クラスタリングはサンプル同士の関係の調べるときによく利用される方法である。RNA-Seq 解析では、一般に複数のサンプルに対してシークエンシングが行われる。ストレス処理群と対照群の比較実験であれば、処理群 3 サンプル、対照群 3 サンプルからなる実験が多い。また、組織別で処理群と対照群の比較実験であれば、サンプル数は組織の数だけ増える。さらに、時系列実験であれば、数十サンプルから数百サンプルに及ぶ場合もある。実際の発現量解析を行う前に、これらのサンプルの特徴を把握していくことが重要である。各サンプルの特徴を把握して初めて、実験結果と計画がどれぐらいかけ離れているのかを確認することができるようになり、計画を修正したり、あるいは新しい発見を計画に加えたりすることができるようになる。
サンプル間の特徴を調べたり、サンプル同士の類似度を調べるために階層的クラスタリング、k-means、主成分分析(PCA) がよく使われている。そのほかに、多次元尺度構成法(MDS)や非負行列分解などの方法も挙げられるが、ほとんど使われていない。
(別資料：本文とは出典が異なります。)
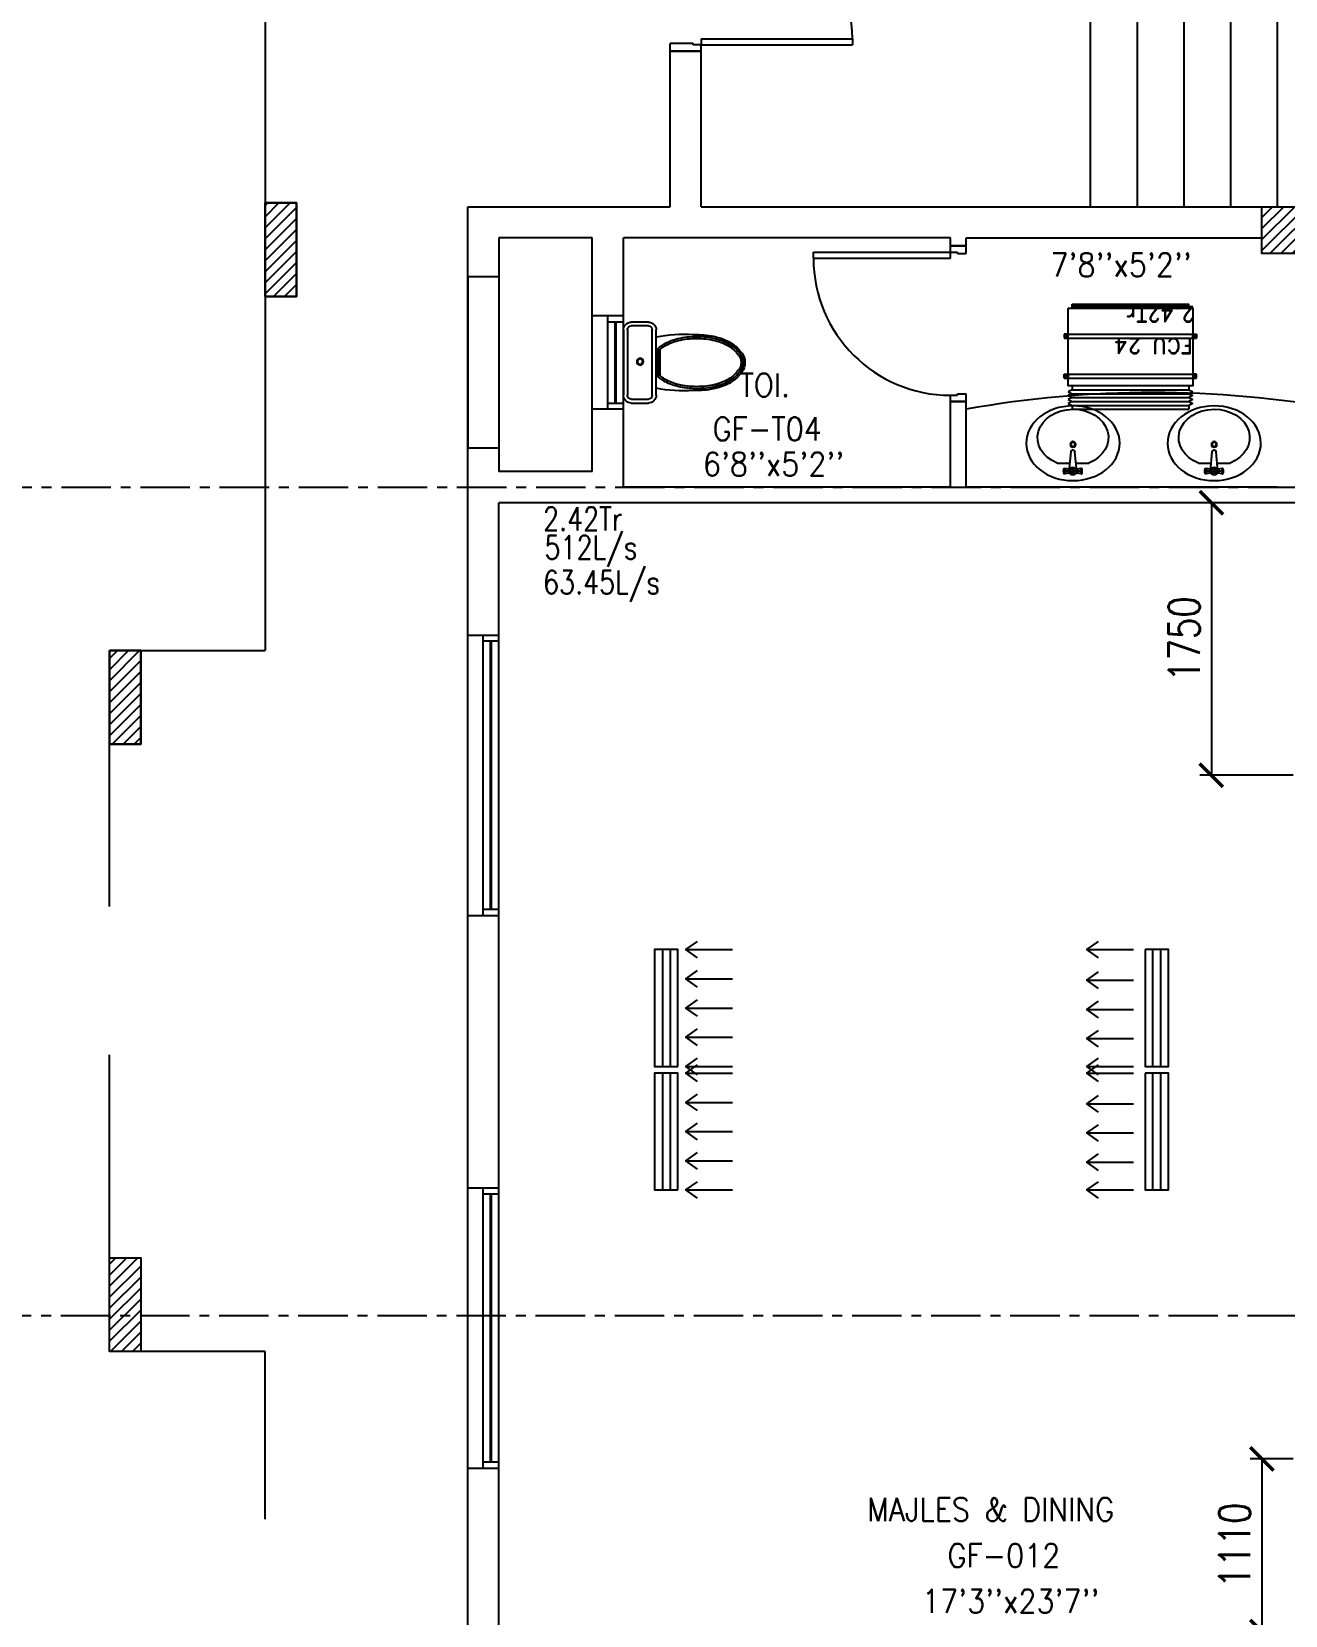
# Model space of a CAD drawing. Header units: millimetres. Extents: x -1288794 to 2153086, y -2701644 to -1335282.
# Drawn here: x 583552 to 591602, y -1502614 to -1492444 of the extents above; entities that cross this region are included whole.
import ezdxf

# ---------------------------------------------------------------- set-up
doc = ezdxf.new("R2010")
doc.units = ezdxf.units.MM
doc.header["$LTSCALE"] = 100
doc.header["$PDMODE"] = 34
for name, pattern in [('CENTER', [50.8, 31.75, -6.35, 6.35, -6.35]), ('DASHED2', [9.525, 6.35, -3.175]), ('HIDDEN', [9.525, 6.35, -3.175])]:
    doc.linetypes.add(name, pattern=pattern)
for name, color, linetype in [('A-ANNO-TEXT', 8, 'Continuous'), ('A-DOOR', 4, 'Continuous'), ('A-FLOR-OVHD', 4, 'DASHED2'), ('A-FLOR-PFIX', 8, 'Continuous'), ('A-FLOR-SPCL', 8, 'Continuous'), ('A-GLAZ', 5, 'Continuous'), ('A-GRID', 253, 'CENTER'), ('A-WALL-FULL', 8, 'Continuous'), ('AC- SUIPPOR', 7, 'HIDDEN'), ('AC-HLTEXT', 100, 'Continuous'), ('AC-SAD TEXT', 3, 'Continuous'), ('AC-UNIT', 5, 'Continuous'), ('RETURN GRILL RIGHT', 1, 'Continuous'), ('S-COL- HACT.', 9, 'Continuous'), ('S-COL.', 8, 'Continuous'), ('SUPPLY GRILL RIGHT', 3, 'Continuous'), ('WALL', 42, 'Continuous')]:
    doc.layers.add(name, color=color, linetype=linetype)
doc.styles.add('ROMAND', font='romand')
doc.styles.add('ROMANS', font='romans.shx', dxfattribs={"width": 0.8})
doc.styles.add('SIMPLEX', font='simplex.shx', dxfattribs={"width": 0.8})
doc.dimstyles.new('100 of DIM2', dxfattribs={"dimscale": 0, "dimtxt": 200, "dimasz": 150, "dimexe": 75, "dimexo": 200, "dimgap": 75, "dimtad": 1, "dimdec": 0, "dimrnd": 5, "dimzin": 0, "dimdsep": 46, "dimtxsty": 'ROMANS', "dimblk": 'ARCHTICK', "dimcen": 100, "dimclrd": 94, "dimclre": 94, "dimclrt": 2, "dimadec": 0, "dimazin": 0, "dimtfac": 1, "dimtdec": 0, "dimtofl": 0, "dimtmove": 2, "dimatfit": 3, "dimldrblk": 'OPEN90', "dimfxl": 75, "dimtolj": 1, "dimtzin": 0, "dimarcsym": 0})
pattern_1 = [(45, (1708407.11, -1109556.65), (-35.355339, 35.355339), [])]

# ---------------------------------------------------------------- blocks, each defined once
blk = doc.blocks.new('D-200-DOUBLE')
for p, q in [((40, 200), (40, 1170)), ((40, 1170), (80, 1170)), ((80, 200), (80, 1170)), ((1920, 200), (1920, 1170)), ((1920, 1170), (1960, 1170)), ((1960, 200), (1960, 1170)), ((80, 200), (0, 200)), ((0, 200), (0, 0)), ((40, 200), (40, 148)), ((40, 148), (50, 148)), ((50, 148), (50, 0)), ((1920, 200), (1960, 200)), ((1950, 148), (1950, 0)), ((1960, 148), (1950, 148)), ((2000, 200), (1960, 200)), ((1960, 200), (1960, 148)), ((2000, 200), (2000, 0)), ((50, 0), (0, 0)), ((2000, 0), (1950, 0))]:
    blk.add_line(p, q)
at = {"linetype": 'Continuous'}
for centre, start, end in [((73, 242), 357.4314, 89.5378), ((1927, 242), 90.4622, 182.5686)]:
    blk.add_arc(centre, 928, start, end, dxfattribs=at)
blk = doc.blocks.new('W-180')
for p, q in [((1800, 100), (0, 100)), ((1800, 0), (0, 0)), ((40, 0), (40, 100)), ((1760, 100), (1760, 0))]:
    blk.add_line(p, q)
at = {"linetype": 'Continuous'}
for p, q in [((1760, 53), (40, 53)), ((1760, 47), (40, 47))]:
    blk.add_line(p, q, dxfattribs=at)
blk = doc.blocks.new('D-100-R1')
for p, q in [((-80, 980), (-80, 100)), ((-80, 980), (-40, 980)), ((-40, 980), (-40, 55)), ((-1000, 100), (-1000, 0)), ((-1000, 100), (-960, 100)), ((-960, 100), (-960, 55)), ((-960, 55), (-950, 55)), ((-950, 55), (-950, 0)), ((-80, 100), (0, 100)), ((-50, 55), (-50, 0)), ((-50, 55), (-40, 55)), ((-50, 0), (0, 0)), ((0, 100), (0, 0)), ((-1000, 0), (-950, 0))]:
    blk.add_line(p, q)
at = {"linetype": 'Continuous'}
blk.add_arc((-80, 100), 880, 90, 180, dxfattribs=at)
blk = doc.blocks.new('WC-1')
for p, q in [((-210, 0), (210, 0)), ((-260, -160), (-260, -50)), ((-235, -160), (-235, -50)), ((-210, -25), (210, -25)), ((235, -50), (235, -160)), ((260, -50), (260, -160)), ((210, -185), (-210, -185)), ((210, -210), (-210, -210)), ((91, -223), (-91, -223)), ((86, -235), (-86, -235))]:
    blk.add_line(p, q)
for radius in [22.1, 17.1]:
    blk.add_circle((-6, -107), radius)
for centre, radius, start, end in [((-210, -50), 50, 90, 180), ((-210, -50), 25, 90, 180), ((210, -50), 50, 360, 90), ((210, -50), 25, 360, 90), ((-210, -160), 50, 180, 270), ((-210, -160), 25, 180, 270), ((210, -160), 25, 270, 360), ((210, -160), 50, 270, 360), ((722, -383), 904, 168.9529, 184.0632), ((178, -428), 341, 149.8586, 166.4766), ((178, -428), 328, 149.8586, 166.4766), ((69, -365), 214, 138.4152, 149.8586), ((69, -365), 201, 139.9943, 149.8586), ((-69, -365), 201, 30.1414, 40.0057), ((-69, -365), 214, 30.1414, 41.5848), ((-178, -428), 328, 13.5234, 30.1414), ((-178, -428), 341, 13.5234, 30.1414), ((352, -470), 520, 166.4766, 180), ((352, -470), 507, 166.4766, 180), ((-352, -470), 507, 360, 13.5234), ((-352, -470), 520, 360, 13.5234), ((352, -470), 532, 177.5541, 180), ((352, -470), 532, 180, 193.5234), ((352, -470), 520, 180, 193.5234), ((352, -470), 507, 180, 193.5234), ((-352, -470), 507, 346.4766, 360), ((-352, -470), 520, 346.4766, 360), ((-352, -470), 532, 346.4766, 360), ((-352, -470), 532, 360, 2.4459), ((178, -512), 353, 193.5234, 210.1414), ((178, -512), 341, 193.5234, 210.1414), ((178, -512), 328, 193.5234, 210.1414), ((-178, -512), 328, 329.8586, 346.4766), ((-178, -512), 341, 329.8586, 346.4766), ((-178, -512), 353, 329.8586, 346.4766), ((69, -575), 226, 210.1414, 234.4972), ((69, -575), 214, 210.1414, 234.4972), ((69, -575), 201, 210.1414, 234.4972), ((-69, -575), 201, 305.5028, 329.8586), ((-69, -575), 214, 305.5028, 329.8586), ((-69, -575), 226, 305.5028, 329.8586), ((0, -672), 108, 234.4972, 270), ((0, -672), 95.9, 234.4972, 270), ((0, -672), 83.4, 234.4972, 270), ((0, -672), 83.4, 270, 305.5028), ((0, -672), 95.9, 270, 305.5028), ((0, -672), 108, 270, 305.5028)]:
    blk.add_arc(centre, radius, start, end)
at = {"linetype": 'Continuous', "ltscale": 50}
blk.add_arc((-722, -383), 904, 355.9368, 11.0471, dxfattribs=at)
blk = doc.blocks.new('LAV-2')
for p, q in [((-102, 330), (-23, 330)), ((-21, 393), (-55, 399)), ((-21, 369), (-55, 363)), ((-24, 385), (-49, 381)), ((-24, 377), (-49, 381)), ((-25, 381), (-13, 258)), ((-19, 381), (17, 381)), ((-1, 363), (-1, 399)), ((23, 381), (11, 257)), ((53, 399), (20, 393)), ((53, 363), (20, 369)), ((21, 329), (101, 329)), ((47, 381), (23, 385)), ((47, 381), (23, 376))]:
    blk.add_line(p, q)
for centre, radius in [((-1, 381), 24), ((-1, 381), 18), ((-1, 209), 18), ((-1, 209), 13.2)]:
    blk.add_circle(centre, radius)
blk.add_arc((-1, 257), 12, 179.8053, 359.8053)
for centre, major_axis, ratio in [((-1, 202), (-300, 1), 0.8), ((53, 381), (0.1, 18), 0.333333)]:
    blk.add_ellipse(centre, major_axis=major_axis, ratio=ratio)
blk.add_ellipse((-1, 166), major_axis=(-228, 1), ratio=0.8, start_param=5.174, end_param=10.533963)
at = {"extrusion": (0, 0, -1)}
blk.add_ellipse((-55, 381), major_axis=(0.1, 18), ratio=0.333333, dxfattribs=at)
for points, knots in [([(-55, 365), (-55, 366), (-55, 366), (-55, 366), (-55, 366), (-56, 367), (-56, 368), (-57, 370), (-57, 371), (-58, 374), (-58, 375), (-58, 379), (-58, 381), (-58, 386), (-58, 388), (-57, 392), (-57, 393), (-56, 394), (-56, 395), (-55, 396), (-55, 396), (-55, 396), (-55, 397), (-55, 397)], [3.378318, 3.378318, 3.378318, 3.378318, 3.519844, 3.519844, 3.66137, 3.66137, 3.925951, 3.925951, 4.190531, 4.190531, 4.455112, 4.455112, 4.86737, 4.86737, 5.279628, 5.279628, 5.565785, 5.565785, 5.785568, 5.785568, 5.957, 5.957, 6.04646, 6.04646, 6.04646, 6.04646]), ([(-55, 397), (-55, 397), (-54, 396), (-54, 396), (-54, 396), (-53, 395), (-53, 394), (-52, 392), (-52, 391), (-52, 388), (-51, 387), (-51, 383), (-51, 381), (-51, 376), (-52, 374), (-52, 370), (-53, 369), (-53, 368), (-54, 367), (-54, 366), (-54, 366), (-55, 366), (-55, 365), (-55, 365)], [0.236726, 0.236726, 0.236726, 0.236726, 0.378252, 0.378252, 0.519778, 0.519778, 0.784358, 0.784358, 1.048939, 1.048939, 1.313519, 1.313519, 1.725777, 1.725777, 2.138035, 2.138035, 2.424192, 2.424192, 2.643976, 2.643976, 2.815407, 2.815407, 2.904867, 2.904867, 2.904867, 2.904867]), ([(53, 396), (53, 396), (53, 396), (53, 396), (53, 395), (52, 394), (52, 394), (51, 392), (51, 390), (50, 388), (50, 386), (50, 383), (50, 380), (50, 376), (50, 373), (51, 370), (51, 369), (52, 367), (52, 367), (53, 366), (53, 365), (53, 365), (53, 365), (53, 365)], [0.236726, 0.236726, 0.236726, 0.236726, 0.378252, 0.378252, 0.519778, 0.519778, 0.784358, 0.784358, 1.048939, 1.048939, 1.313519, 1.313519, 1.725777, 1.725777, 2.138035, 2.138035, 2.424192, 2.424192, 2.643976, 2.643976, 2.815407, 2.815407, 2.904867, 2.904867, 2.904867, 2.904867]), ([(53, 365), (53, 365), (53, 365), (54, 366), (54, 366), (55, 367), (55, 368), (56, 370), (56, 371), (56, 373), (57, 375), (57, 379), (57, 381), (57, 386), (56, 388), (56, 391), (55, 392), (55, 394), (54, 395), (54, 396), (54, 396), (54, 396), (53, 396), (53, 396)], [3.378318, 3.378318, 3.378318, 3.378318, 3.519844, 3.519844, 3.66137, 3.66137, 3.925951, 3.925951, 4.190531, 4.190531, 4.455112, 4.455112, 4.86737, 4.86737, 5.279628, 5.279628, 5.565785, 5.565785, 5.785568, 5.785568, 5.957, 5.957, 6.04646, 6.04646, 6.04646, 6.04646])]:
    blk.add_open_spline(points, degree=3, knots=knots)
blk = doc.blocks.new('W-60')
for p, q in [((600, 100), (0, 100)), ((600, 0), (0, 0)), ((40, 0), (40, 100)), ((560, 100), (560, 0))]:
    blk.add_line(p, q)
at = {"linetype": 'Continuous'}
for p, q in [((560, 53), (40, 53)), ((560, 47), (40, 47))]:
    blk.add_line(p, q, dxfattribs=at)
blk = doc.blocks.new('_ArchTick')
at = {"color": 0, "linetype": 'ByBlock', "const_width": 0.15}
blk.add_lwpolyline([(-0.5, -0.5), (0.5, 0.5)], dxfattribs=at)
blk = doc.blocks.new('*D235')
at = {"layer": 'AC-HLTEXT', "color": 94, "lineweight": -2, "transparency": 16777216}
for p, q in [((591652, -1501609), (591377, -1501609)), ((591452, -1501609), (591452, -1502719)), ((591652, -1502719), (591377, -1502719))]:
    blk.add_line(p, q, dxfattribs=at)
at = {"layer": 'Defpoints', "color": 0, "transparency": 16777216}
for p in [(591852, -1501609), (591452, -1502719), (591852, -1502719)]:
    blk.add_point(p, dxfattribs=at)
at = {"layer": 'AC-HLTEXT', "color": 94, "lineweight": -2, "transparency": 16777216, "xscale": 150, "yscale": 150, "zscale": 150}
for p, rotation in [((591452, -1501609), 90), ((591452, -1502719), 270)]:
    blk.add_blockref('_ArchTick', p, dxfattribs=dict(at, rotation=rotation))
at = {"layer": 'AC-HLTEXT', "color": 2, "transparency": 16777216, "insert": (591277, -1502164), "char_height": 200, "attachment_point": 5, "rotation": 90, "style": 'ROMANS'}
blk.add_mtext('\\A1;1110', dxfattribs=at)
blk = doc.blocks.new('*D236')
at = {"layer": 'AC-HLTEXT', "color": 94, "lineweight": -2, "transparency": 16777216}
for p, q in [((591652, -1495469), (591052, -1495469)), ((591127, -1495469), (591127, -1497219)), ((591652, -1497219), (591052, -1497219))]:
    blk.add_line(p, q, dxfattribs=at)
at = {"layer": 'Defpoints', "color": 0, "transparency": 16777216}
for p in [(591852, -1495469), (591127, -1497219), (591852, -1497219)]:
    blk.add_point(p, dxfattribs=at)
at = {"layer": 'AC-HLTEXT', "color": 94, "lineweight": -2, "transparency": 16777216, "xscale": 150, "yscale": 150, "zscale": 150}
for p, rotation in [((591127, -1495469), 90), ((591127, -1497219), 270)]:
    blk.add_blockref('_ArchTick', p, dxfattribs=dict(at, rotation=rotation))
at = {"layer": 'AC-HLTEXT', "color": 2, "transparency": 16777216, "insert": (590952, -1496344), "char_height": 200, "attachment_point": 5, "rotation": 90, "style": 'ROMANS'}
blk.add_mtext('\\A1;1750', dxfattribs=at)
blk = doc.blocks.new('A$C44FB0367')
at = {"layer": 'WALL', "ltscale": 30}
h = blk.add_hatch(dxfattribs=at)
h.set_pattern_fill('NET3', color=2, scale=100, style=0)
h.set_pattern_definition([(0, (19935.246, -11666.627), (0, 12.5), []), (60, (19935.246, -11666.627), (-10.8253175, 6.25), []), (120, (19935.246, -11666.627), (-10.8253175, -6.25), [])])
h.paths.add_polyline_path([(775, 250), (775, 275), (25, 275), (25, 250)])
at = {"layer": 'WALL', "color": 5, "ltscale": 30}
for p, q in [((25, 250), (25, 275)), ((25, 275), (775, 275)), ((775, 250), (775, 275))]:
    blk.add_line(p, q, dxfattribs=at)
at = {"layer": 'WALL', "color": 8, "ltscale": 30}
for p, q in [((25, -275), (0, -287.5)), ((0, -287.5), (25, -300)), ((25, -300), (0, -312.5)), ((25, -250), (25, -275)), ((25, -250), (25, -275)), ((25, -275), (775, -275)), ((25, -300), (775, -300)), ((775, -250), (775, -275)), ((775, -275), (800, -287.5)), ((800, -287.5), (775, -300)), ((775, -300), (800, -312.5)), ((0, -312.5), (25, -325)), ((25, -325), (0, -337.5)), ((0, -337.5), (25, -350)), ((25, -350), (0, -362.5)), ((0, -362.5), (25, -375)), ((25, -325), (775, -325)), ((25, -350), (775, -350)), ((25, -375), (775, -375)), ((25, -375), (25, -400)), ((25, -400), (775, -400)), ((800, -312.5), (775, -325)), ((775, -325), (800, -337.5)), ((800, -337.5), (775, -350)), ((775, -350), (800, -362.5)), ((800, -362.5), (775, -375)), ((775, -375), (775, -400))]:
    blk.add_line(p, q, dxfattribs=at)
at = {"layer": 'WALL', "color": 5, "ltscale": 30}
blk.add_lwpolyline([(0, 250), (800, 250), (800, -250), (0, -250)], close=True, dxfattribs=at)
blk = doc.blocks.new('A$C5F1D0244')
at = {"layer": 'AC- SUIPPOR', "ltscale": 5}
for p, q in [((-25, 425), (-25, -425)), ((0, 425), (0, -425))]:
    blk.add_line(p, q, dxfattribs=at)
at = {"layer": 'AC- SUIPPOR', "ltscale": 30}
for points in [[(-25, 400), (0, 400), (0, 425), (-25, 425)], [(-25, -400), (0, -400), (0, -425), (-25, -425)]]:
    blk.add_lwpolyline(points, close=True, dxfattribs=at)
for centre in [(-12.5, 412.5), (-12.5, -412.5)]:
    blk.add_circle(centre, 5, dxfattribs=at)
blk = doc.blocks.new('SUPPLY GRILL RIGHT')
at = {"layer": 'SUPPLY GRILL RIGHT'}
for p, q in [((375, 25), (-375, 25)), ((375, -25), (375, 25)), ((375, -25), (-375, -25)), ((375, -75), (375, -25))]:
    blk.add_line(p, q, dxfattribs=at)
blk.add_lwpolyline([(-375, -75), (375, -75), (375, 75), (-375, 75)], close=True, dxfattribs=at)
for points in [[(-375, -450), (-375, -150)], [(-178.5, -450), (-178.5, -150)], [(9, -450), (9, -150)], [(196.5, -450), (196.5, -150)], [(375, -450), (375, -150)]]:
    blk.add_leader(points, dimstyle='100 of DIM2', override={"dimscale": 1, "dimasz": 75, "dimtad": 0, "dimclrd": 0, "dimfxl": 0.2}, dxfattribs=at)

解析を行う前にクラスタリングを行うことで、大まかな結果を見積もったり、間違っていることを早く発見できたりする。例えば、ストレス処理群と対照群の比較実験であれば、クラスタリングで処理群のサンプルと対照群のサンプルが互いに異なるクラスターに属していることを確認する必要がある。クラスタリング結果で両者のクラスター間の距離が小さければ、処理群と対照群の間に大きな差異がないと考えられる。このとき、検出できる発現変動遺伝子の数も少ないと思われる。また、処理群のクラスターの中に対照群のサンプルが 1 つだけ入り混じっているようであれば、サンプルの取り違えなどの可能性が高くなる。特にサンプル数の多い、組織別の実験や時系列実験の場合は、実験過程のヒューマンエラーも多くなりがちで、必ずクラスタリング結果を確認すべきである。
時系列データの場合、時系列的な変化が見られる場合が多い。このとき、階層的クラスタリングや PCA の結果からは、時間経過を表す軌跡のような傾向が見えることが多い。